Work instructions
Copy out the records again. Change nothing.
=== Material provided ===
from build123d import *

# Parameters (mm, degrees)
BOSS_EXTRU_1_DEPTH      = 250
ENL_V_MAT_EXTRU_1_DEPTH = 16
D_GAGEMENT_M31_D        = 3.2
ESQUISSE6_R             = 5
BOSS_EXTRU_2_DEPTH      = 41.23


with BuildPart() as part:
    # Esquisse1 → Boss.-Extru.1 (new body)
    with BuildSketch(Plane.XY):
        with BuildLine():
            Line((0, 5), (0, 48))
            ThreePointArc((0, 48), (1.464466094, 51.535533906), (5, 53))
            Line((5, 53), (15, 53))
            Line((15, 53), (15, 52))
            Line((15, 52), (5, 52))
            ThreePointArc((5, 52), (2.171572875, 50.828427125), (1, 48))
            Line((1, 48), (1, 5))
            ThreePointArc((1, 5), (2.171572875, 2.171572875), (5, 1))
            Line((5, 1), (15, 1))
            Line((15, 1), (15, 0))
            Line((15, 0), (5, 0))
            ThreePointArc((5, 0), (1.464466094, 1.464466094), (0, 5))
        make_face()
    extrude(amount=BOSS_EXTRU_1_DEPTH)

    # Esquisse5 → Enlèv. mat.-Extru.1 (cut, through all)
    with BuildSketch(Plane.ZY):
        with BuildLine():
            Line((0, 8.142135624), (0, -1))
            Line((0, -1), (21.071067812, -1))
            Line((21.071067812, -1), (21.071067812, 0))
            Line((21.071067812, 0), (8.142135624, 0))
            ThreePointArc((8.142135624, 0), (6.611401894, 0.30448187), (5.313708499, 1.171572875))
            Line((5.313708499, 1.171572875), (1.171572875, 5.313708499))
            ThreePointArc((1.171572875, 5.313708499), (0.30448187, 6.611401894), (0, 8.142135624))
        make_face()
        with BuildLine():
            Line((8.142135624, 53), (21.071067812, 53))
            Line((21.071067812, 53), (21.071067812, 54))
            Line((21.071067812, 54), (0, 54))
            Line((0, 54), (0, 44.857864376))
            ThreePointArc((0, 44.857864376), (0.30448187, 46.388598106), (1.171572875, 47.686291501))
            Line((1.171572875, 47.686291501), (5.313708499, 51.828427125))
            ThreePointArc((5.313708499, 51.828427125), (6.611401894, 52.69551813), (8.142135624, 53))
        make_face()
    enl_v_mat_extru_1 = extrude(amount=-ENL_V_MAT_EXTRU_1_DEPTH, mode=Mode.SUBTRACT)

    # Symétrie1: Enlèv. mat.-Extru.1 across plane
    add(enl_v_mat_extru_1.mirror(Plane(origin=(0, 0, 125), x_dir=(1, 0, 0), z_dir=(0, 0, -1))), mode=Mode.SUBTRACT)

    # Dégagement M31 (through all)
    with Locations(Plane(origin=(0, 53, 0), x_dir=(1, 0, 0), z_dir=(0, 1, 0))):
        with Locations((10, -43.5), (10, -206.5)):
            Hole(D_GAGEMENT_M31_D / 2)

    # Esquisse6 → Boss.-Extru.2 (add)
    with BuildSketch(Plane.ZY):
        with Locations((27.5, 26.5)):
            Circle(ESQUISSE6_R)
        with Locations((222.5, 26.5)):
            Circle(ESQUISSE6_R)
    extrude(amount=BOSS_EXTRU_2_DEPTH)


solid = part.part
===
Output
from build123d import *

# Parameters (mm, degrees)
BOSS_EXTRU_1_DEPTH      = 250
ENL_V_MAT_EXTRU_1_DEPTH = 16
D_GAGEMENT_M31_D        = 3.2
ESQUISSE6_R             = 5
BOSS_EXTRU_2_DEPTH      = 41.23


with BuildPart() as part:
    # Esquisse1 → Boss.-Extru.1 (new body)
    with BuildSketch(Plane.XY):
        with BuildLine():
            Line((0, 5), (0, 48))
            ThreePointArc((0, 48), (1.464466094, 51.535533906), (5, 53))
            Line((5, 53), (15, 53))
            Line((15, 53), (15, 52))
            Line((15, 52), (5, 52))
            ThreePointArc((5, 52), (2.171572875, 50.828427125), (1, 48))
            Line((1, 48), (1, 5))
            ThreePointArc((1, 5), (2.171572875, 2.171572875), (5, 1))
            Line((5, 1), (15, 1))
            Line((15, 1), (15, 0))
            Line((15, 0), (5, 0))
            ThreePointArc((5, 0), (1.464466094, 1.464466094), (0, 5))
        make_face()
    extrude(amount=BOSS_EXTRU_1_DEPTH)

    # Esquisse5 → Enlèv. mat.-Extru.1 (cut, through all)
    with BuildSketch(Plane.ZY):
        with BuildLine():
            Line((0, 8.142135624), (0, -1))
            Line((0, -1), (21.071067812, -1))
            Line((21.071067812, -1), (21.071067812, 0))
            Line((21.071067812, 0), (8.142135624, 0))
            ThreePointArc((8.142135624, 0), (6.611401894, 0.30448187), (5.313708499, 1.171572875))
            Line((5.313708499, 1.171572875), (1.171572875, 5.313708499))
            ThreePointArc((1.171572875, 5.313708499), (0.30448187, 6.611401894), (0, 8.142135624))
        make_face()
        with BuildLine():
            Line((8.142135624, 53), (21.071067812, 53))
            Line((21.071067812, 53), (21.071067812, 54))
            Line((21.071067812, 54), (0, 54))
            Line((0, 54), (0, 44.857864376))
            ThreePointArc((0, 44.857864376), (0.30448187, 46.388598106), (1.171572875, 47.686291501))
            Line((1.171572875, 47.686291501), (5.313708499, 51.828427125))
            ThreePointArc((5.313708499, 51.828427125), (6.611401894, 52.69551813), (8.142135624, 53))
        make_face()
    enl_v_mat_extru_1 = extrude(amount=-ENL_V_MAT_EXTRU_1_DEPTH, mode=Mode.SUBTRACT)

    # Symétrie1: Enlèv. mat.-Extru.1 across plane
    add(enl_v_mat_extru_1.mirror(Plane(origin=(0, 0, 125), x_dir=(1, 0, 0), z_dir=(0, 0, -1))), mode=Mode.SUBTRACT)

    # Dégagement M31 (through all)
    with Locations(Plane(origin=(0, 53, 0), x_dir=(1, 0, 0), z_dir=(0, 1, 0))):
        with Locations((10, -43.5), (10, -206.5)):
            Hole(D_GAGEMENT_M31_D / 2)

    # Esquisse6 → Boss.-Extru.2 (add)
    with BuildSketch(Plane.ZY):
        with Locations((27.5, 26.5)):
            Circle(ESQUISSE6_R)
        with Locations((222.5, 26.5)):
            Circle(ESQUISSE6_R)
    extrude(amount=BOSS_EXTRU_2_DEPTH)


solid = part.part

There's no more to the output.